Much twenty-first century science and engineering work is done by distributed teams that share infrastructure, instruments, data, results, and work processes. Demands are increasing for both basic theory and critical technologies that support effective and efficient multi-disciplinary, collaborative teams and virtual organizations. The workshop, to be held in Winter 2012 in Southern California, is titled "Emerging Results, Critical Research Directions, and Grand Challenges for VOSS." The workshop will develop a picture of the state of the art in understanding of the sociotechnical processes that underpin virtual organizations.

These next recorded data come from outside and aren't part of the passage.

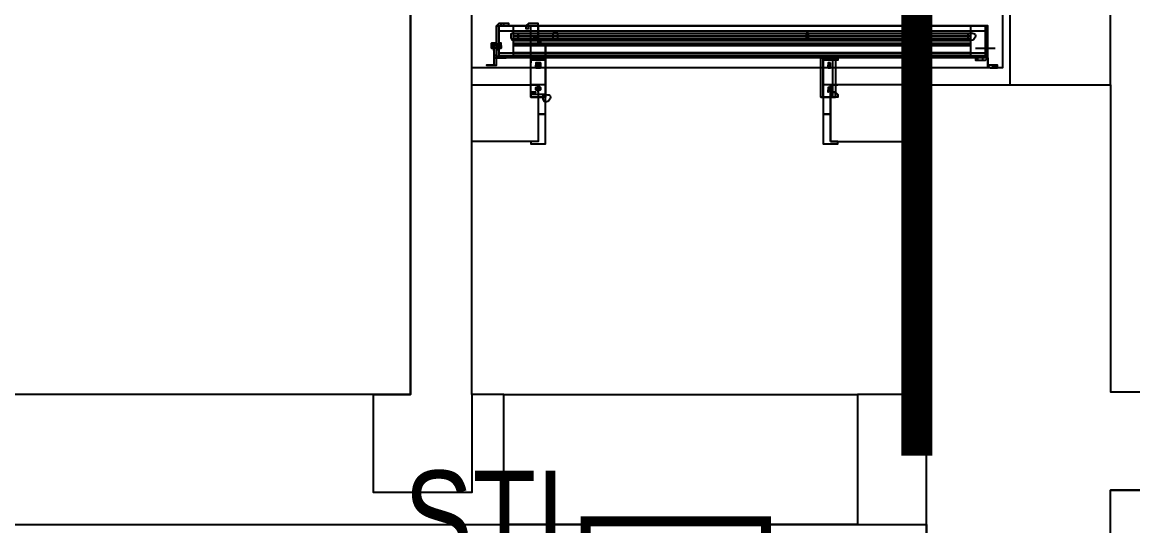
# Model space of a CAD drawing. Header units: inches. Extents: x 8199 to 15931, y 7617 to 15423.
# Drawn here: x 9783.5 to 9927.5, y 8976.3 to 9041.7 of the extents above; entities that cross this region are included whole.
import ezdxf
from ezdxf.enums import TextEntityAlignment as Align

# ---------------------------------------------------------------- set-up
doc = ezdxf.new("R2010")
doc.units = ezdxf.units.IN
doc.header["$LTSCALE"] = 0.25
doc.header["$MEASUREMENT"] = 0
for name, color, linetype in [('BACKGROUND', 8, 'Continuous'), ('PULL STATION', 1, 'Continuous'), ('SPEAKER STROBE', 1, 'Continuous')]:
    doc.layers.add(name, color=color, linetype=linetype)
doc.styles.add('Arial', font='arial.ttf', dxfattribs={"width": 0.8})

# ---------------------------------------------------------------- blocks, each defined once
blk = doc.blocks.new('SIGA-278')
at = {"layer": 'PULL STATION', "const_width": 1.3}
blk.add_lwpolyline([(-11.5, -11.68), (-11.5, 11.7), (11.89, 11.7), (11.89, -11.68)], close=True, dxfattribs=at)
at = {"layer": 'PULL STATION', "style": 'Arial', "width": 0.8}
blk.add_text('S', height=12, dxfattribs=at).set_placement((0, 0), align=Align.MIDDLE)
for tag, p in [('ADDRESS', (20.64, 8.96)), ('ZONE', (20.64, -8.58))]:
    blk.add_attdef(tag, text='', height=12, dxfattribs=at).set_placement(p, align=Align.MIDDLE_LEFT)
blk.add_attdef('SUBSCRIPT', text='', height=12, dxfattribs=at).set_placement((-16.56, -9.02), align=Align.MIDDLE_RIGHT)
blk = doc.blocks.new('GC-S7VM')
at = {"layer": 'SPEAKER STROBE', "const_width": 1.46}
blk.add_lwpolyline([(13.83, 0.21), (7.08, 11.9), (-6.42, 11.9), (-13.17, 0.21), (-6.42, -11.49), (7.08, -11.49)], close=True, dxfattribs=at)
at = {"layer": 'SPEAKER STROBE', "style": 'Arial', "width": 0.8}
blk.add_text('SV', height=12, dxfattribs=at).set_placement((0, 0), align=Align.MIDDLE)
for tag, p in [('C', (-12.95, 11.52)), ('CANDELA', (-12.62, -8.82)), ('1/2W', (-12.62, -29.16))]:
    blk.add_attdef(tag, text='', height=12, dxfattribs=at).set_placement(p, align=Align.MIDDLE_RIGHT)
for tag, p in [('Speaker_Circuit', (16.8, 11.52)), ('Visual_Circuit', (16.8, -8.82))]:
    blk.add_attdef(tag, text='', height=12, dxfattribs=at).set_placement(p, align=Align.MIDDLE_LEFT)

msp = doc.modelspace()

# ---------------------------------------------------------------- linework, layer by layer
at = {"lineweight": 0, "const_width": 4}
msp.add_lwpolyline([(9899.51, 9138.15), (9899.51, 8985.43)], dxfattribs=at)
at = {"layer": 'BACKGROUND'}
for points in [[(9911.59, 9146.63), (9911.59, 9129.74), (9841.5, 9129.74), (9834.18, 9129.74), (9834.18, 9117), (9829.08, 9117), (9829.08, 9104.26), (9833.86, 9104.26), (9833.86, 8993.39), (9833.86, 9104.26)], [(9900.76, 8976.51), (9900.76, 8993.39), (9891.84, 8993.39), (9891.84, 8976.51), (9845.96, 8976.51), (9845.96, 8993.39), (9841.82, 8993.39), (9841.82, 9104.26), (9841.82, 9117), (9841.5, 9117), (9841.5, 9122.74), (9911.59, 9122.74), (9911.59, 9033.53), (9924.65, 9033.53), (9924.65, 9146.63)], [(9833.86, 8993.39), (9833.86, 9102.35), (9781.61, 9102.35), (9781.61, 9051.69)], [(9851.38, 9032.26), (9850.1, 9032.26), (9849.47, 9032.26), (9849.47, 9032.58), (9849.47, 9031.94), (9849.47, 9032.58), (9850.1, 9032.58), (9849.47, 9032.58), (9849.47, 9036.4), (9849.47, 9041.18), (9850.42, 9041.18), (9908.41, 9041.18), (9845.33, 9041.18), (9846.6, 9041.18), (9846.6, 9041.5), (9845.33, 9041.5), (9845.01, 9041.18), (9845.33, 9041.18), (9845.33, 9038.63), (9845.33, 9038.31), (9845.64, 9038.31), (9845.64, 9038.63), (9845.64, 9038.31), (9845.64, 9038.63), (9845.64, 9038.31), (9845.33, 9038.31), (9845.33, 9038.63), (9845.33, 9038.31), (9845.33, 9038.63), (9845.33, 9038.31), (9845.33, 9038.63), (9845.33, 9038.31), (9845.33, 9038.63), (9845.33, 9038.95), (9845.33, 9038.63), (9845.33, 9038.31), (9845.33, 9037.99), (9845.33, 9038.31), (9845.33, 9038.63), (9845.33, 9038.31), (9845.33, 9038.63), (9845.33, 9038.31), (9845.33, 9038.63), (9845.33, 9038.31), (9845.33, 9038.63), (9845.33, 9038.31), (9845.33, 9037.36), (9908.41, 9037.36), (9908.41, 9041.18), (9907.13, 9041.18), (9850.42, 9041.18), (9849.15, 9041.18), (9848.83, 9041.18), (9848.83, 9040.86), (9849.15, 9040.86), (9849.15, 9041.18), (9849.47, 9041.18), (9850.42, 9041.18), (9850.42, 9041.5), (9849.15, 9041.5), (9848.83, 9041.18), (9846.6, 9041.18)], [(9845.33, 9041.18), (9845.33, 9041.18)], [(9845.33, 9041.18), (9848.83, 9041.18), (9849.15, 9041.18), (9849.47, 9041.18), (9850.42, 9041.18), (9850.42, 9038.63), (9850.42, 9038.95), (9850.42, 9038.63), (9851.38, 9038.63), (9851.38, 9031.94), (9851.38, 9038.63), (9851.7, 9038.63)], [(9845.64, 9041.18), (9845.64, 9041.5)], [(9845.64, 9041.18), (9845.64, 9041.18)], [(9845.96, 9041.18), (9845.96, 9041.5)], [(9845.96, 9041.18), (9845.96, 9041.18)], [(9906.49, 9041.18), (9906.49, 9037.36), (9847.24, 9037.36), (9847.24, 9041.18)], [(9849.15, 9041.18), (9849.15, 9041.18)], [(9850.42, 9041.18), (9850.42, 9041.18)], [(9852.97, 9041.18), (9852.97, 9041.18)], [(9852.97, 9041.18), (9852.97, 9041.18)], [(9884.83, 9041.18), (9884.83, 9041.18)], [(9885.15, 9041.18), (9885.15, 9041.18)], [(9885.47, 9041.18), (9885.47, 9041.18)], [(9885.79, 9041.18), (9885.79, 9041.18)], [(9908.41, 9040.86), (9908.41, 9041.18), (9907.13, 9041.18)], [(9907.13, 9041.18), (9907.13, 9041.18)], [(9907.45, 9041.18), (9907.45, 9041.18)], [(9907.45, 9041.18), (9907.45, 9041.18)], [(9908.09, 9041.18), (9908.09, 9041.18)], [(9908.09, 9041.18), (9908.09, 9041.18)], [(9908.41, 9041.18), (9908.41, 9041.18)], [(9845.01, 9040.22), (9845.01, 9040.22)], [(9845.33, 9040.54), (9908.41, 9040.54)], [(9847.24, 9040.22), (9906.49, 9040.22)], [(9849.47, 9039.9), (9849.47, 9039.9)], [(9849.47, 9039.9), (9849.47, 9039.9)], [(9849.47, 9039.9), (9849.47, 9039.9)], [(9850.1, 9039.9), (9850.1, 9039.9)], [(9850.1, 9039.9), (9850.1, 9039.9)], [(9908.72, 9039.9), (9908.41, 9039.9)], [(9844.69, 9038.31), (9844.69, 9038.63), (9844.69, 9038.31), (9844.69, 9038.63), (9844.69, 9038.31), (9844.69, 9038.63), (9844.69, 9038.31), (9844.69, 9038.63), (9845.01, 9038.63), (9845.01, 9038.31), (9845.01, 9038.63), (9845.01, 9038.31), (9845.01, 9038.63), (9845.01, 9038.31), (9845.01, 9038.63), (9845.01, 9038.31), (9845.01, 9038.63), (9845.01, 9038.31), (9844.69, 9038.31), (9844.69, 9037.99), (9844.69, 9038.31), (9844.37, 9038.31), (9844.69, 9038.31), (9844.69, 9038.63), (9844.69, 9038.31), (9844.69, 9038.63), (9844.69, 9038.31), (9844.69, 9038.63), (9844.69, 9038.95), (9844.69, 9036.08), (9845.01, 9036.08), (9845.01, 9037.04), (9845.33, 9037.04), (9845.01, 9037.04)], [(9844.69, 9038.63), (9845.01, 9038.63), (9844.69, 9038.63), (9844.69, 9038.95), (9844.37, 9038.95)], [(9844.37, 9038.63), (9844.37, 9038.63)], [(9844.37, 9038.63), (9844.37, 9038.63)], [(9844.37, 9038.63), (9844.37, 9038.63)], [(9844.37, 9038.63), (9844.37, 9038.63)], [(9844.37, 9038.63), (9844.69, 9038.63)], [(9844.37, 9038.31), (9844.37, 9038.31)], [(9844.37, 9038.31), (9844.37, 9038.31)], [(9844.37, 9038.31), (9844.37, 9038.31)], [(9844.37, 9038.31), (9844.37, 9038.31)], [(9844.69, 9038.95), (9844.69, 9038.95)], [(9844.69, 9038.95), (9845.01, 9038.95), (9844.69, 9038.95), (9844.69, 9038.63)], [(9844.69, 9038.63), (9844.69, 9038.63)], [(9844.69, 9038.63), (9844.69, 9038.63)], [(9844.69, 9038.63), (9844.69, 9038.63)], [(9844.69, 9038.63), (9844.69, 9038.63)], [(9844.69, 9038.63), (9844.69, 9038.63)], [(9844.69, 9038.63), (9844.69, 9038.63)], [(9844.69, 9038.63), (9844.69, 9038.63)], [(9844.69, 9038.63), (9844.69, 9038.63)], [(9844.69, 9038.63), (9844.69, 9038.63)], [(9844.69, 9038.63), (9844.69, 9038.63)], [(9844.69, 9038.63), (9844.69, 9038.63)], [(9844.69, 9038.63), (9844.69, 9038.63)], [(9844.69, 9038.63), (9844.69, 9038.63)], [(9844.69, 9038.63), (9844.69, 9038.63)], [(9844.69, 9038.63), (9844.69, 9038.63)], [(9844.69, 9038.63), (9844.69, 9038.63)], [(9844.69, 9038.63), (9844.69, 9038.63)], [(9844.69, 9038.63), (9844.69, 9038.63)], [(9844.69, 9038.63), (9844.69, 9038.63)], [(9844.69, 9038.63), (9844.69, 9038.63)], [(9844.69, 9038.31), (9844.69, 9038.31)], [(9844.69, 9038.31), (9844.69, 9038.31)], [(9844.69, 9038.31), (9844.69, 9038.31)], [(9844.69, 9038.31), (9844.69, 9038.31)], [(9844.69, 9038.31), (9844.69, 9038.31)], [(9844.69, 9038.31), (9844.69, 9038.31)], [(9844.69, 9038.31), (9844.69, 9038.31)], [(9844.69, 9038.31), (9844.69, 9038.31)], [(9844.69, 9038.31), (9844.69, 9038.31)], [(9844.69, 9038.31), (9844.69, 9038.31)], [(9844.69, 9038.31), (9844.69, 9038.31)], [(9844.69, 9038.31), (9844.69, 9038.31)], [(9845.01, 9039.59), (9845.01, 9039.59)], [(9845.01, 9038.63), (9845.01, 9038.63)], [(9845.01, 9038.63), (9845.01, 9038.63)], [(9845.01, 9038.63), (9845.01, 9038.63)], [(9845.01, 9038.63), (9845.01, 9038.63)], [(9845.01, 9038.63), (9845.01, 9038.63)], [(9845.01, 9038.63), (9845.01, 9038.63)], [(9845.01, 9038.63), (9845.01, 9038.63)], [(9845.01, 9038.63), (9845.01, 9038.63)], [(9845.01, 9038.63), (9845.01, 9038.63)], [(9845.01, 9038.63), (9845.01, 9038.63)], [(9845.01, 9038.63), (9845.01, 9038.63)], [(9845.01, 9038.63), (9845.01, 9038.63)], [(9845.01, 9038.63), (9845.01, 9038.63)], [(9845.01, 9038.63), (9845.01, 9038.63)], [(9845.01, 9038.63), (9845.01, 9038.63)], [(9845.01, 9038.63), (9845.01, 9038.63)], [(9845.01, 9038.63), (9845.01, 9038.63)], [(9845.01, 9038.63), (9845.01, 9038.63)], [(9845.01, 9038.63), (9845.01, 9038.63)], [(9845.01, 9038.63), (9845.01, 9038.63)], [(9845.01, 9038.63), (9845.01, 9038.63)], [(9845.01, 9038.63), (9845.01, 9038.63)], [(9845.01, 9038.63), (9845.01, 9038.63)], [(9845.01, 9038.63), (9845.01, 9038.63)], [(9845.01, 9038.63), (9845.01, 9038.31)], [(9845.01, 9038.63), (9845.01, 9038.63)], [(9845.01, 9038.63), (9845.01, 9038.31)], [(9845.01, 9038.63), (9845.01, 9038.63)], [(9845.01, 9038.63), (9845.01, 9038.63)], [(9845.01, 9038.63), (9845.01, 9038.63)], [(9845.01, 9038.63), (9845.01, 9038.63)], [(9845.01, 9038.31), (9845.01, 9038.31)], [(9845.01, 9038.31), (9845.01, 9038.31)], [(9845.01, 9038.31), (9845.01, 9038.31)], [(9845.01, 9038.31), (9845.01, 9038.31)], [(9845.01, 9038.31), (9845.01, 9038.31)], [(9845.01, 9038.31), (9845.01, 9038.31)], [(9845.01, 9038.31), (9845.01, 9038.31)], [(9845.01, 9038.31), (9845.01, 9038.31)], [(9845.01, 9038.31), (9845.01, 9038.31)], [(9845.01, 9038.31), (9845.01, 9038.31)], [(9845.01, 9038.31), (9845.01, 9038.31)], [(9845.01, 9038.31), (9845.01, 9038.31)], [(9845.01, 9038.31), (9845.01, 9038.31)], [(9845.01, 9038.31), (9845.01, 9038.31)], [(9845.01, 9038.31), (9845.01, 9038.31)], [(9845.33, 9038.95), (9845.33, 9038.95)], [(9845.33, 9038.95), (9845.33, 9038.63)], [(9845.33, 9038.63), (9845.33, 9038.63)], [(9845.33, 9038.63), (9845.33, 9038.63)], [(9845.33, 9038.63), (9845.33, 9038.63)], [(9845.33, 9038.63), (9845.33, 9038.63)], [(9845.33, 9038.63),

It will consolidate emerging knowledge and identify promising new research directions, including those that might be hold future promise but not yet be topical or generally recognized.

GSLIS PhD student Adam Kehoe is collaborating on the workshop organization and reports.

Gasser has spent his career investigating theories, technologies, social arrangements, and collective processes that underpin distributed information systems of many kinds, including organizational information systems, culture/language, and biological organisms.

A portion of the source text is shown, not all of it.